Hi guys after 509 shots with my plastigrip covering the top tip failed, at first I thought about cleaning it off and starting over but have reconsidered and have desided to bring this experament to a end.The bands are holding up, no problem,but the dip did not and that in my humble opinion would be just one more hassel if I was in the field.I posted more pic's of the failure in the homemade slingshot forum last night and after reading the post there from guys, how like yourselves I truly and deeply respect for the collective knowlede of slingshots. I desided to end the experament.I feel that plastigrip is a very good product for what it was designed for and it has good properties and appacations that I can and will use in building my shooters,but I honestly feel that it will not stand up to the constant punishment of the bands passing back and forth over it at a high rate of speed.Will it add any appericatable life expectancy to the bands I still don't know.The product failed in this appication.But it was a fun experament. Ink


----------



## lightgeoduck (Apr 3, 2011)

Nothing wrong with experimenting, and experiments that go wrong is part of the process.

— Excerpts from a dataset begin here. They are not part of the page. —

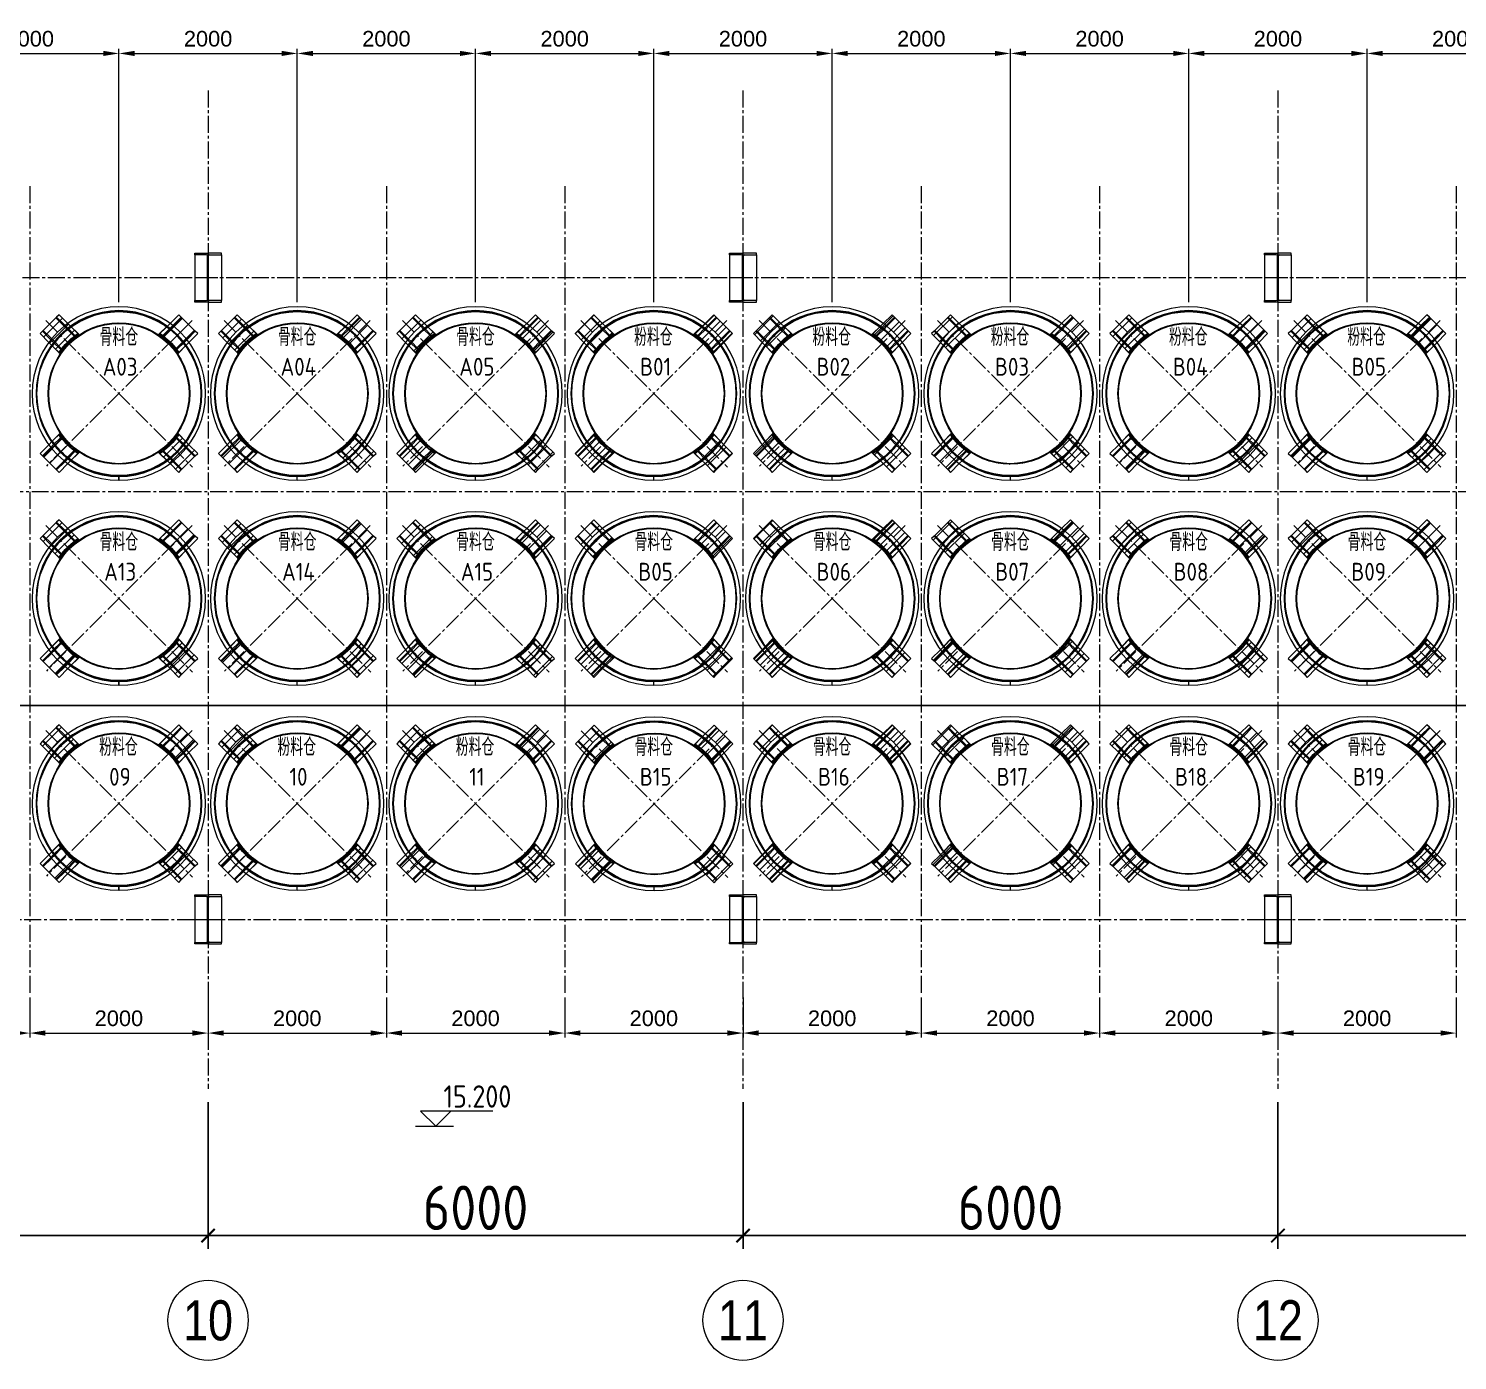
# Model space of a CAD drawing. Header units: millimetres. Extents: x 163705 to 1616509, y 81827 to 302547.
# Drawn here: x 1187786 to 1203812, y 138113 to 153054 of the extents above; entities that cross this region are included whole.
import ezdxf
from ezdxf.enums import TextEntityAlignment as Align

# ---------------------------------------------------------------- set-up
doc = ezdxf.new("R2010")
doc.units = ezdxf.units.MM
doc.header["$LTSCALE"] = 10
doc.linetypes.add('CENTER2', pattern=[28.575, 19.05, -3.175, 3.175, -3.175])
for name, color, linetype, lineweight in [('1-中心线', 1, 'CENTER2', 0), ('1-护栏', 4, 'Continuous', 18), ('1-文本', 4, 'Continuous', 0), ('1-标注', 3, 'Continuous', 0), ('1-设备轮廓', 2, 'Continuous', 18), ('1-钢构', 6, 'Continuous', 0)]:
    doc.layers.add(name, color=color, linetype=linetype, lineweight=lineweight)
doc.styles.add('ARIAL', font='arial.ttf', dxfattribs={"width": 0.7})
doc.styles.add('HZ', font='gbenor.shx', dxfattribs={"bigfont": 'gbcbig.shx'})
doc.styles.get("Standard").update_dxf_attribs({"font": 'arial.ttf'})
doc.dimstyles.new('100$0', dxfattribs={"dimscale": 100, "dimtxt": 5, "dimasz": 1.5, "dimexe": 1.5, "dimexo": 0.5, "dimtad": 1, "dimdec": 0, "dimdsep": 46, "dimtxsty": 'HZ', "dimblk": 'ARCHTICK', "dimcen": 2.5, "dimdle": 1, "dimclrd": 256, "dimclre": 256, "dimadec": 0, "dimazin": 0, "dimtfac": 1, "dimtdec": 0, "dimtmove": 0, "dimatfit": 3, "dimfxl": 0, "dimarcsym": 0})
doc.dimstyles.new('AM_GB50$0', dxfattribs={"dimscale": 50, "dimtxt": 3.5, "dimasz": 3.5, "dimexe": 1, "dimexo": 1, "dimgap": 1.5, "dimtad": 1, "dimdsep": 46, "dimtxsty": 'Standard', "dimcen": 0, "dimclrd": 256, "dimclre": 256, "dimclrt": 2, "dimadec": 0, "dimazin": 2, "dimtp": 0.1, "dimtm": 0.1, "dimtfac": 0.71, "dimtdec": 3, "dimtmove": 0, "dimatfit": 3, "dimfxl": 0, "dimlwd": -1, "dimlwe": -1, "dimarcsym": 0})
pattern_1 = [(45, (-4571.32, -1132.4), (-67.3519, 67.3519), [])]

# ---------------------------------------------------------------- blocks, each defined once
blk = doc.blocks.new('G$CEDFA10A2')
for p, q in [((0, 535), (0, 553)), ((0, 553), (150, 553)), ((131.5, 535), (0, 535)), ((0, 535), (0, 21)), ((144.5, 34), (144.5, 522)), ((300, 553), (150, 553)), ((155.5, 34), (155.5, 522)), ((168.5, 535), (300, 535)), ((300, 535), (300, 553)), ((300, 535), (300, 21)), ((0, 21), (131.5, 21)), ((0, 3), (0, 21)), ((150, 3), (0, 3)), ((150, 3), (300, 3)), ((300, 21), (168.5, 21)), ((300, 3), (300, 21))]:
    blk.add_line(p, q)
for centre, start, end in [((131.5, 522), 0, 90), ((168.5, 522), 90, 180), ((131.5, 34), 270, 0), ((168.5, 34), 180, 270)]:
    blk.add_arc(centre, 13, start, end)
at = {"layer": '1-中心线'}
for p, q in [((150, 0), (150, 556)), ((-3, 278), (303, 278))]:
    blk.add_line(p, q, dxfattribs=at)
blk.add_text('HC_SUPERPART', height=0.001).set_placement((150, 3))
blk = doc.blocks.new('_ArchTick')
at = {"const_width": 0.15}
blk.add_lwpolyline([(-0.5, -0.5), (0.5, 0.5)], dxfattribs=at)
blk = doc.blocks.new('*D252')
at = {"layer": '1-标注', "lineweight": -2, "transparency": 16777216}
for p, q in [((1183799, 141009), (1183799, 139363)), ((1189799, 141009), (1189799, 139363)), ((1183699, 139513), (1189899, 139513))]:
    blk.add_line(p, q, dxfattribs=at)
at = {"layer": 'Defpoints', "transparency": 16777216}
for p in [(1183799, 141059), (1189799, 141059), (1189799, 139513)]:
    blk.add_point(p, dxfattribs=at)
at = {"layer": '1-标注', "lineweight": -2, "transparency": 16777216, "xscale": 150, "yscale": 150, "zscale": 150, "rotation": 180}
blk.add_blockref('_ArchTick', (1183799, 139513), dxfattribs=at)
at = {"layer": '1-标注', "lineweight": -2, "transparency": 16777216, "xscale": 150, "yscale": 150, "zscale": 150}
blk.add_blockref('_ArchTick', (1189799, 139513), dxfattribs=at)
at = {"layer": '1-标注', "transparency": 16777216, "insert": (1186799, 139825), "char_height": 500, "attachment_point": 5, "style": 'HZ'}
blk.add_mtext('6000', dxfattribs=at)
blk = doc.blocks.new('*D253')
at = {"layer": '1-标注', "lineweight": -2, "transparency": 16777216}
for p, q in [((1189799, 141009), (1189799, 139363)), ((1195799, 141009), (1195799, 139363)), ((1189699, 139513), (1195899, 139513))]:
    blk.add_line(p, q, dxfattribs=at)
at = {"layer": 'Defpoints', "transparency": 16777216}
for p in [(1189799, 141059), (1195799, 141059), (1195799, 139513)]:
    blk.add_point(p, dxfattribs=at)
at = {"layer": '1-标注', "lineweight": -2, "transparency": 16777216, "xscale": 150, "yscale": 150, "zscale": 150, "rotation": 180}
blk.add_blockref('_ArchTick', (1189799, 139513), dxfattribs=at)
at = {"layer": '1-标注', "lineweight": -2, "transparency": 16777216, "xscale": 150, "yscale": 150, "zscale": 150}
blk.add_blockref('_ArchTick', (1195799, 139513), dxfattribs=at)
at = {"layer": '1-标注', "transparency": 16777216, "insert": (1192799, 139825), "char_height": 500, "attachment_point": 5, "style": 'HZ'}
blk.add_mtext('6000', dxfattribs=at)
blk = doc.blocks.new('*D254')
at = {"layer": '1-标注', "lineweight": -2, "transparency": 16777216}
for p, q in [((1195799, 141009), (1195799, 139363)), ((1201799, 141009), (1201799, 139363)), ((1195699, 139513), (1201899, 139513))]:
    blk.add_line(p, q, dxfattribs=at)
at = {"layer": 'Defpoints', "transparency": 16777216}
for p in [(1195799, 141059), (1201799, 141059), (1201799, 139513)]:
    blk.add_point(p, dxfattribs=at)
at = {"layer": '1-标注', "lineweight": -2, "transparency": 16777216, "xscale": 150, "yscale": 150, "zscale": 150, "rotation": 180}
blk.add_blockref('_ArchTick', (1195799, 139513), dxfattribs=at)
at = {"layer": '1-标注', "lineweight": -2, "transparency": 16777216, "xscale": 150, "yscale": 150, "zscale": 150}
blk.add_blockref('_ArchTick', (1201799, 139513), dxfattribs=at)
at = {"layer": '1-标注', "transparency": 16777216, "insert": (1198799, 139825), "char_height": 500, "attachment_point": 5, "style": 'HZ'}
blk.add_mtext('6000', dxfattribs=at)
blk = doc.blocks.new('*D255')
at = {"layer": '1-标注', "lineweight": -2, "transparency": 16777216}
for p, q in [((1201799, 141009), (1201799, 139363)), ((1207799, 141009), (1207799, 139363)), ((1201699, 139513), (1207899, 139513))]:
    blk.add_line(p, q, dxfattribs=at)
at = {"layer": 'Defpoints', "transparency": 16777216}
for p in [(1201799, 141059), (1207799, 141059), (1207799, 139513)]:
    blk.add_point(p, dxfattribs=at)
at = {"layer": '1-标注', "lineweight": -2, "transparency": 16777216, "xscale": 150, "yscale": 150, "zscale": 150, "rotation": 180}
blk.add_blockref('_ArchTick', (1201799, 139513), dxfattribs=at)
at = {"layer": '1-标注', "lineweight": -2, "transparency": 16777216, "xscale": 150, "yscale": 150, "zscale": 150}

Thanks for sharing with us to the point of failure









LGD


----------



## lightgeoduck (Apr 3, 2011)

Oops sorry smash, didn't realize what thread I was in


----------



## mike88206 (Dec 11, 2010)

Seems like a good idea


----------



## mike88206 (Dec 11, 2010)

Ink, would you recommend it overall as a grip?


----------



## inkspot (Dec 27, 2011)

Hi Mike yes I think so works well on screw drivers,hammer handles etc. going to have to try it on one of my next builds to know for sure,or you can and let us know.


----------



## Smashtoad (Sep 3, 2010)

I can see where square forks and flat bands, with corners and increased surface area could cause more wear than round forks and tubes. So far I have zero wear, but have admittedly not put that many shots through.

My main consideration was to assist in my African style tube attachment, and keeping the tubes snug and grippy against the forks, and for that it works very well.

There will undoubtedly be some applications it is not suited for.


----------